Key to the willingness of some nations to export security assistance is the willingness of other nations to accept such assistance. Increasing the capability of all nations to provide security in their own littorals and territorial waters is something that is in every nation's interest. The acceptance of security assistance, however, is not always a given. Overcoming resistance based on sovereignty concerns is often a delicate issue. The influence of allies, peers, or other nearby nations can be reassuring and often tip the balance in favor of accepting what is offered.
Lastly, the United States and its Navy do not have the capability or desire to be the sole exporter of security or security assistance in the maritime domain. It is the voluntary contribution of nations and navies in areas that match their national interests that will determine the level of security in the maritime global commons. In a similar manner, nations and navies in undergoverned maritime regions need to be encouraged and reassured that accepting security assistance is in their national interests and that accepting such support does not negatively influence their national sovereignty.

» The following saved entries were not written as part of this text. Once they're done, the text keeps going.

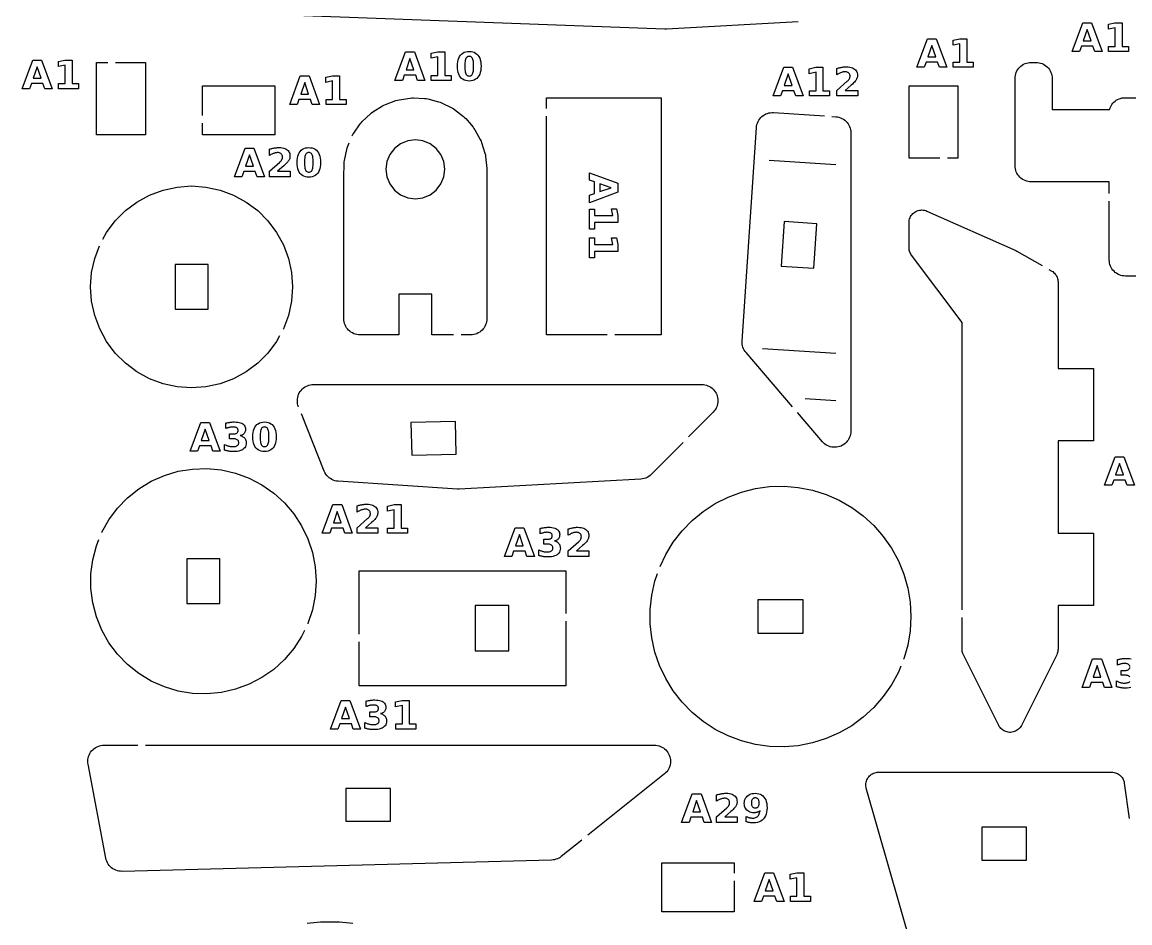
# Model space of a CAD drawing. Header units: millimetres. Extents: x 3 to 297, y 5 to 294.
# Drawn here: x 2.6 to 96.7, y 173 to 249.5 of the extents above; entities that cross this region are included whole.
import ezdxf

# ---------------------------------------------------------------- set-up
doc = ezdxf.new("R2010")
doc.units = ezdxf.units.MM
for name, color, linetype in [('CUT', 1, 'CONTINUOUS'), ('ENGRAVE', 5, 'CONTINUOUS'), ('SCORE', 7, 'CONTINUOUS')]:
    doc.layers.add(name, color=color, linetype=linetype)

msp = doc.modelspace()

# ---------------------------------------------------------------- linework, layer by layer
at = {"layer": 'CUT', "color": 1}
for points in [[(68.4952, 249.5217), (57.3188, 248.9059), (57.196, 248.9048), (11.9928, 250.5681)], [(10.55, 246.075), (13.075, 246.075), (13.075, 239.925), (8.925, 239.925), (8.925, 246.075), (9.9, 246.075)], [(94.925, 234.9378), (94.925, 235.925), (88.2982, 235.925), (88.1652, 235.9315), (88.0317, 235.9513), (87.9008, 235.9841), (87.7738, 236.0296), (87.6518, 236.0873), (87.536, 236.1567), (87.4277, 236.237), (87.3277, 236.3277), (87.237, 236.4277), (87.1567, 236.536), (87.0873, 236.6518), (87.0296, 236.7738), (86.9841, 236.9008), (86.9513, 237.0317), (86.9315, 237.1652), (86.925, 237.2982), (86.925, 244.7018), (86.9315, 244.8348), (86.9513, 244.9683), (86.9841, 245.0992), (87.0296, 245.2262), (87.0873, 245.3482), (87.1567, 245.464), (87.237, 245.5723), (87.3277, 245.6723), (87.4277, 245.763), (87.536, 245.8433), (87.6518, 245.9127), (87.7738, 245.9704), (87.9008, 246.0159), (88.0317, 246.0487), (88.1652, 246.0685), (88.2982, 246.075), (88.7018, 246.075), (88.8348, 246.0685), (88.9683, 246.0487), (89.0992, 246.0159), (89.2262, 245.9704), (89.3482, 245.9127), (89.464, 245.8433), (89.5723, 245.763), (89.6723, 245.6723), (89.763, 245.5723), (89.8433, 245.464), (89.9127, 245.3482), (89.9704, 245.2262), (90.0159, 245.0992), (90.0487, 244.9683), (90.0685, 244.8348), (90.075, 244.7018), (90.075, 242.075), (94.9419, 242.075), (94.9671, 242.1587), (95.0162, 242.2792), (95.0766, 242.3945), (95.1475, 242.5036), (95.2285, 242.6054), (95.3187, 242.6992), (95.4174, 242.784), (95.5237, 242.8592), (95.6366, 242.9239), (95.755, 242.9777), (95.8781, 243.02), (96.0046, 243.0505), (96.1334, 243.0689), (96.2616, 243.075), (98.9651, 243.075)], [(17.925, 241.55), (17.925, 244.075), (24.075, 244.075), (24.075, 239.925), (17.925, 239.925), (17.925, 240.9)], [(80.55, 237.925), (77.925, 237.925), (77.925, 244.075), (82.075, 244.075), (82.075, 237.925), (81.2, 237.925)], [(30.6449, 239.8446), (30.6941, 239.945), (30.7668, 240.0616), (31.3115, 240.8441), (31.3956, 240.9528), (31.4902, 241.0524), (32.1813, 241.7092), (32.2855, 241.7987), (32.3983, 241.8772), (33.2074, 242.3816), (33.3275, 242.4482), (33.4538, 242.5024), (34.3479, 242.8335), (34.4789, 242.8747), (34.6135, 242.9023), (35.556, 243.0467), (35.6926, 243.0606), (35.83, 243.0606), (36.7822, 243.0123), (36.9189, 242.9984), (37.0535, 242.9708), (37.9765, 242.7318), (38.1076, 242.6906), (38.2338, 242.6365), (39.0898, 242.2166), (39.21, 242.1499), (39.3227, 242.0714), (40.0767, 241.4878), (40.1809, 241.3983), (40.2756, 241.2987), (40.8966, 240.5753), (40.9807, 240.4667), (41.0534, 240.3501), (41.5161, 239.5165), (41.5766, 239.3931), (41.6243, 239.2643), (41.9097, 238.3546), (41.9442, 238.2216), (41.965, 238.0858), (42.0681, 237.0713), (42.075, 236.936), (42.075, 224.2982), (42.0685, 224.1652), (42.0487, 224.0317), (42.0159, 223.9008), (41.9704, 223.7738), (41.9127, 223.6518), (41.8433, 223.536), (41.763, 223.4277), (41.6723, 223.3277), (41.5723, 223.237), (41.464, 223.1567), (41.3482, 223.0873), (41.2262, 223.0296), (41.0992, 222.9841), (40.9683, 222.9513), (40.8348, 222.9315), (40.7018, 222.925), (39.8881, 222.925)], [(47.125, 242.15), (47.125, 243.075), (56.875, 243.075), (56.875, 222.925), (52.95, 222.925)], [(68.015, 216.828), (64.0811, 221.4166), (64.0005, 221.5204), (63.9294, 221.633), (63.8695, 221.752), (63.8214, 221.8762), (63.7855, 222.0045), (63.7622, 222.1357), (63.7517, 222.2685), (63.7541, 222.3998), (64.9629, 240.5324), (64.9783, 240.6646), (65.0069, 240.7965), (65.0484, 240.9249), (65.1022, 241.0487), (65.1679, 241.1666), (65.2448, 241.2775), (65.3322, 241.3803), (65.4293, 241.474), (65.5351, 241.5578), (65.6486, 241.6308), (65.7687, 241.6923), (65.8942, 241.7417), (66.024, 241.7787), (66.1568, 241.8027), (66.2913, 241.8135), (66.4244, 241.8112), (70.7304, 241.5242)], [(52.3, 222.925), (47.125, 222.925), (47.125, 241.5)], [(71.379, 241.4809), (71.7002, 241.4595), (71.8352, 241.4437), (71.9698, 241.414), (72.1008, 241.371), (72.2268, 241.3151), (72.3465, 241.2469), (72.4589, 241.167), (72.5627, 241.0763), (72.6568, 240.9756), (72.7404, 240.866), (72.8127, 240.7486), (72.8728, 240.6246), (72.9202, 240.4952), (72.9544, 240.3616), (72.975, 240.2253), (72.9818, 240.0896), (72.9819, 214.7492), (72.9755, 214.6174), (72.956, 214.485), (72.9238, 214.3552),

As nations improve their own capacity and capability for maritime law enforcement, interdiction, and national defense, their contributions to the security of the global maritime commons will increase. When nations are united through common goals and objectives, their effectiveness as individual powers will also grow. Again, the impact of regional leadership and trusted friends can be a key factor in achieving this security, particularly when dealing with partner nations whose forces are under-equipped or under-trained. As nations play a more active role in the security of their respective waters, the international community can take a less active role and focus more on supporting and enabling other nations that may require and desire assistance in their part of the world.
Conclusion
The United States and the international community need the 1,000-ship Navy because highly adaptable, present, and postured naval forces illustrate a crucial point—the proactive cost of ensuring the day-to-day security in the maritime domain is drastically more affordable than the reactive costs of going to war or mounting a reactive, large-scale security operation.
The 1,000-ship Navy is not a thousand gray hulls flying the American flag, but rather a voluntarily global maritime network that ties together the collective capabilities of free nations to establish and maintain a dramatically increased level of international security in the maritime domain. The U.S. Navy is in a unique position to facilitate voluntary enlistment of nations as members in this global partnership, to include leaders in the shipping industry—but the U.S. Navy cannot do this without strong and sustained support from maritime nations and maritime interests across the globe. This global network will not only increase security in the maritime domain, it can also foster the economic and political growth and development of participating nations. In the end, partner nations can benefit individually from these security improvements, and the global community will be increasingly free of the threat of instability, as the 1,000-ship Navy maintains watch over the global maritime domain.
Vice Admiral Morgan is the Deputy Chief of Naval Operations for Information, Plans and Strategy, N3/N5. Rear Admiral Martoglio is the Director of the Navy's Strategy and Policy Division.